I pause because I'm a thinker and want to make sure I'm stating things carefully... if I'm describing an intricate thought process.

Otherwise, I feel like my intuitiveness makes me talk faster and with less break -- I can fill up all the empty spaces with possibilities, which don't need to be weeded out as they are just exploratory.


----------



## SilentScream

Not really ... I'm usually very well aware of what I need to say because I've prepared it well in advance. Or have had enough experience in similar situations to draw from it as well when needed. 

Plus having a well-rounded education, self-confidence helps. 

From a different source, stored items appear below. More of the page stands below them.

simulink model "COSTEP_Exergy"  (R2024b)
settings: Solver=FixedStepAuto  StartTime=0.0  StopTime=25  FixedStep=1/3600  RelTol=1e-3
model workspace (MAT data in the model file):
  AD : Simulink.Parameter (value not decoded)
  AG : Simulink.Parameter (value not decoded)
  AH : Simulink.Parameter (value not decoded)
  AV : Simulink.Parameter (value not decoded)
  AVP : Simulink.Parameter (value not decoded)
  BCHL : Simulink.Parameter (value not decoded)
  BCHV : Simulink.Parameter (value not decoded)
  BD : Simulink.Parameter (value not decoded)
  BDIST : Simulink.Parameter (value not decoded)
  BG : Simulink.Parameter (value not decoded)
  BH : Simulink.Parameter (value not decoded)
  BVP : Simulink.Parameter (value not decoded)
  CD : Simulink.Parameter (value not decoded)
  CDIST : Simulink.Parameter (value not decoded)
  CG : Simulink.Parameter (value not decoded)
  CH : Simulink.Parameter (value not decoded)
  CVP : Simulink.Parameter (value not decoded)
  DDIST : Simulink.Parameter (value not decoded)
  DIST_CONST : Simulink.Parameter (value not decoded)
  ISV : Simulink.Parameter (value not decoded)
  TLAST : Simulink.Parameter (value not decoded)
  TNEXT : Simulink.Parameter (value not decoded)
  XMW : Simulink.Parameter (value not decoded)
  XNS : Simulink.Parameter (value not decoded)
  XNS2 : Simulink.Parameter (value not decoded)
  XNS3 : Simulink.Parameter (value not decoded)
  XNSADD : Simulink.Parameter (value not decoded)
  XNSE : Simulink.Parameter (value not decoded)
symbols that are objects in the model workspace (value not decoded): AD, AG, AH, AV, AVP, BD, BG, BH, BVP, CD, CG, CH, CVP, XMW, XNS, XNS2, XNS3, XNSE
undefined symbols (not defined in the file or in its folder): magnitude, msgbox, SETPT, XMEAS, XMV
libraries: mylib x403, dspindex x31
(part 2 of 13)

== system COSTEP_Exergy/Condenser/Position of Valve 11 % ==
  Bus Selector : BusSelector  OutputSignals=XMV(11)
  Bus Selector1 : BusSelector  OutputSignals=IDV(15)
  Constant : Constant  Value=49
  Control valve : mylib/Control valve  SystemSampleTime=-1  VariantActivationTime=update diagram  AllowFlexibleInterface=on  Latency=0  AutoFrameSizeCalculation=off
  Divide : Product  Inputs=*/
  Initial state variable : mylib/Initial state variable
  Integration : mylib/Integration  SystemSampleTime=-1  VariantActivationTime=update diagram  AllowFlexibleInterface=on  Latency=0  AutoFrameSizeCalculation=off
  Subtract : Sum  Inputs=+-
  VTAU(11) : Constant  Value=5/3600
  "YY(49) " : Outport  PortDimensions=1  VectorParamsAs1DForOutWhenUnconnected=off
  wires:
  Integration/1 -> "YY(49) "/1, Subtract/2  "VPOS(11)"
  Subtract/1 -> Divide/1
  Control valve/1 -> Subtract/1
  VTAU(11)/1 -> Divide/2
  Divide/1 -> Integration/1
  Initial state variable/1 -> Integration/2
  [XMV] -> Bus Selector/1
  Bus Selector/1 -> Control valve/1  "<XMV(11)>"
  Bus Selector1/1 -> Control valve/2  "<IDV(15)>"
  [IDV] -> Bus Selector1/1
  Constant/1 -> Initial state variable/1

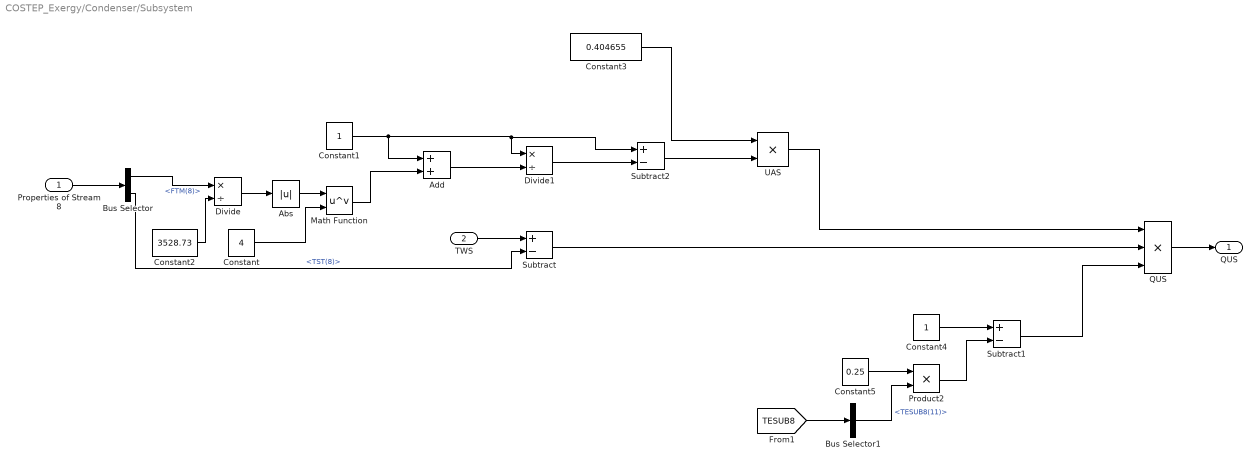
== system COSTEP_Exergy/Condenser/Subsystem ==
  Properties of Stream 8 : Inport
  TWS : Inport  Port=2
  Abs : Abs  SaturateOnIntegerOverflow=off
  Add : Sum
  Bus Selector : BusSelector  OutputSignals=FTM(8),TST(8)
  Bus Selector1 : BusSelector  OutputSignals=signal2.TESUB8(11)
  Constant : Constant  Value=4
  Constant1 : Constant
  Constant2 : Constant  Value=3528.73
  Constant3 : Constant  Value=0.404655
  Constant4 : Constant
  Constant5 : Constant  Value=0.25
  Divide : Product  Inputs=*/
  Divide1 : Product  Inputs=*/
  Math Function : Math  Operator=pow  SignedPower=on
  Product2 : Product
  QUS : Product  Inputs=3
  Subtract : Sum  Inputs=+-
  Subtract1 : Sum  Inputs=+-
  Subtract2 : Sum  Inputs=+-
  UAS : Product
  "QUS " : Outport  VectorParamsAs1DForOutWhenUnconnected=off
  wires:
  Product2/1 -> Subtract1/2
  Constant4/1 -> Subtract1/1
  UAS/1 -> QUS/1
  Properties of Stream 8/1 -> Bus Selector/1
  Add/1 -> Divide1/2
  Constant2/1 -> Divide/2
  Math Function/1 -> Add/2
  Constant1/1 -> Subtract2/1, Divide1/1, Add/1
  Subtract1/1 -> QUS/3
  Constant/1 -> Math Function/2
  Bus Selector/2 -> Subtract/2  "<TST(8)>"
  Bus Selector/1 -> Divide/1  "<FTM(8)>"
  Divide1/1 -> Subtract2/2
  Divide/1 -> Abs/1
  Subtract/1 -> QUS/2
  Constant3/1 -> UAS/1
  Bus Selector1/1 -> Product2/2  "<TESUB8(11)>"
  Subtract2/1 -> UAS/2
  Constant5/1 -> Product2/1
  Abs/1 -> Math Function/1
  [TESUB8] -> Bus Selector1/1
  TWS/1 -> Subtract/1
  QUS/1 -> "QUS "/1

== system COSTEP_Exergy/Condenser/VRNG(11) Max flow of water through valve Gallons per minute ==
  Bus Selector : BusSelector  OutputSignals=signal3.TESUB8(20)
  VRNG(11) : Outport  PortDimensions=1  VectorParamsAs1DForOutWhenUnconnected=off
  wires:
  [TESUB8] -> Bus Selector/1
  Bus Selector/1 -> VRNG(11)/1  "<TESUB8(20)>"

== system COSTEP_Exergy/Control Mode/Braatz ==
  XMEAS : Inport
  " " : Subsystem  mask{Parameter1=XMV(1), Parameter2=XMEAS(2), SETPT1=3664.0, GAIN1=1, SI1=3/3600, HIGH1=5811, Parameter1_copy=SETPT(1), Parameter2_copy=XMEAS(26), SETPT14=6.8820, GAIN14=8.3, TAUI14=3168.0/3600, SI14=360/3600, HIGH14=100}
      mask prompts: Parameter1 "Manipulated Variable"; Parameter2 "Process Variable"; SETPT1 "Setpoint"; GAIN1 "Controller Gain"; SI1 "Sampling Interval"; HIGH1 "High Limit"; Parameter1_copy "Manipulated Variable"; Parameter2_copy "Process Variable"; SETPT14 "Setpoint"; GAIN14 "Controller Gain"; TAUI14 "Integral Time Constant"; SI14 "Sampling Interval"; HIGH14 "High Limit"
      mask DialogControl DescGroupVar Prompt: Control Variables
      mask DialogControl DescTextVar Prompt: Enter the control variables needed
      mask DialogControl ParameterGroupVar Prompt: Control 1
      mask DialogControl Container3 Prompt: Control 14
  " 1" : Subsystem  mask{Parameter1=XMV(2), Parameter2=XMEAS(3), SETPT2=4509.3, GAIN2=1.0, SI2=3/3600, HIGH2=8354, Parameter1_copy=SETPT(2), Parameter2_copy=XMEAS(27), SETPT15=18.776, GAIN15=2.37, TAUI15=5069/3600, SI15=360/3600, HIGH15=100}
      mask prompts: Parameter1 "Manipulated Variable"; Parameter2 "Process Variable"; SETPT2 "Setpoint"; GAIN2 "Controller Gain"; SI2 "Sampling Interval"; HIGH2 "High Limit"; Parameter1_copy "Manipulated Variable"; Parameter2_copy "Process Variable"; SETPT15 "Setpoint"; GAIN15 "Controller Gain"; TAUI15 "Integral Time Constant"; SI15 "Sampling Interval"; HIGH15 "High Limit"
      mask DialogControl DescGroupVar Prompt: Control Variables
      mask DialogControl DescTextVar Prompt: Enter the control variables needed
      mask DialogControl ParameterGroupVar Prompt: Control 2
      mask DialogControl Container3 Prompt: Control 15
  " 10" : Subsystem  mask{Parameter1=XMV(6), Parameter2=XMEAS(10), SETPT6=0.33712, GAIN6=1.22, SI6=3/3600, HIGH6=1, Parameter1_copy=SETPT(6), Parameter2_copy=XMEAS(30), SETPT19=13.823, GAIN19=-83.2/5/3, TAUI19=6336/3600, SI19=360/3600, HIGH19=26}
      mask prompts: Parameter1 "Manipulated Variable"; Parameter2 "Process Variable"; SETPT6 "Setpoint"; GAIN6 "Controller Gain"; SI6 "Sampling Interval"; HIGH6 "High Limit"; Parameter1_copy "Manipulated Variable"; Parameter2_copy "Process Variable"; SETPT19 "Setpoint"; GAIN19 "Controller Gain"; TAUI19 "Integral Time Constant"; SI19 "Sampling Interval"; HIGH19 "High Limit"
      mask DialogControl DescGroupVar Prompt: Control Variables
      mask DialogControl DescTextVar Prompt: Enter the control variables needed
      mask DialogControl ParameterGroupVar Prompt: Control 6
      mask DialogControl Container3 Prompt: Control 19
  " 2" : Subsystem  mask{Parameter1=XMV(3), Parameter2=XMEAS(1), SETPT3=0.25052, GAIN3=1.0, SI3=3/3600, HIGH3=1.017, Parameter1_copy=SETPT(3), Parameter2_copy=XMEAS(23), SETPT13=32.188, GAIN13=18, TAUI13=3168.0/3600, SI13=360/3600, HIGH13=100}
      mask prompts: Parameter1 "Manipulated Variable"; Parameter2 "Process Variable"; SETPT3 "Setpoint"; GAIN3 "Controller Gain"; SI3 "Sampling Interval"; HIGH3 "High Limit"; Parameter1_copy "Manipulated Variable"; Parameter2_copy "Process Variable"; SETPT13 "Setpoint"; GAIN13 "Controller Gain"; TAUI13 "Integral Time Constant"; SI13 "Sampling Interval"; HIGH13 "High Limit"
      mask DialogControl DescGroupVar Prompt: Control Variables
      mask DialogControl DescTextVar Prompt: Enter the control variables needed
      mask DialogControl ParameterGroupVar Prompt: Control 3
      mask DialogControl Container3 Prompt: Control 13
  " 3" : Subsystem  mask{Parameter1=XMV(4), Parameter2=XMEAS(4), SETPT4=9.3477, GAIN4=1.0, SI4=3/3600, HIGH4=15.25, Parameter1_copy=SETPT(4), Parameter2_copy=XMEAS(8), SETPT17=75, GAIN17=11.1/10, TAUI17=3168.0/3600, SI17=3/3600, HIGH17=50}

I used to have trouble in math, physics, and economics a lot ... sometimes I have epiphanies to this day of concepts I couldn't get 10 years ago and it's like "Damn! I wish I'd understood it back then" ...


----------



## Eerie

No, basically I just keep rambling. The only time I "pause" is when I randomly zone out.


----------



## MuChApArAdOx

heh, not near as often as i should at times. Then i'll get a light bulb moment and think " who just said that, me ? " Maybe its just me but i seem to spew out everything that's on my mind, as soon as i think it, its said. This can be troubling at times, but thankfully all my friends are either Ni or Ne, they understand and relate to my thinking. Sure my Ni friends will give me the old evil eye at times, correct me and have friendly debates. Although at the end of the day we love each other, support each other, and would probably die for the other. So this is more important than words or misunderstandings.


----------



## PlushWitch

Actually I find it strange to see that already two INTPs have voted "Yes" while I have the feeling that they actually are quite articulate and don't ever take "unnecessary" or "irritating" breaks in mid-sentence when they're speaking.


----------



## Grungie

I rarely do because I often know exactly what I want to say before I say it. If I don't have my thoughts planned out before hand then I just won't speak.


----------



## Nearsification

No its more like when I'm alone I create so many awesome ideas and I throw them all out there whenever I talk to people.

So I never pause.


----------



## PlushWitch

Haha...reason for post non-existent. :crazy:


...I hope there'll be enough votes to rule out the mistype bias thingy thing...


----------



## eunoia

I'm very interested in this! Sometimes I have problems with articulate speech because my brain works too quickly for my mouth. It's hard for me to organize and break apart my thoughts in a sequential order. I make a lot of leaps in my thought, realize I'm making leaps, have to backtrack, and then begin to find exceptions or branch off to initial thoughts with added explanation. If I talk to fast, I sound jumbled and stupid, so I try to slow it down to break everything in pieces, which also can create pauses. I also have the tip of the tongue phenomenon often and have trouble retrieving the word I want immediately. Sometimes I have to wave my hands around in certain motions to retrieve it. I wonder if it has something to do with this:



> Verbal vs. Non-verbal Processing
> 
> Left-brained students have little trouble expressing themselves in words. Right-brained students may know what they mean but often have trouble finding the right words. The best illustration of this is to listen to people give directions. The left-brained person will say something like "From here, go west three blocks and turn north on Vine Street. Go three or four miles and then turn east onto Broad Street." The right-brained person will sound something like this: "Turn right (pointing right) by the church over there (pointing again). Then you will pass a McDonalds and a Walmart. At the next light, turn right toward the BP station." So how is this relevant to planning study strategies? Right-brained students need to back up everything visually. If it's not written down, they probably won't remember it. And it would be even better for right-brained students to illustrate it. They need to get into the habit of making a mental video of things as they hear or read them. Right-brained students need to know that it may take them longer to write a paper, and the paper may need more revision before it says what they want it to say. This means allowing extra time when a writing assignment is due.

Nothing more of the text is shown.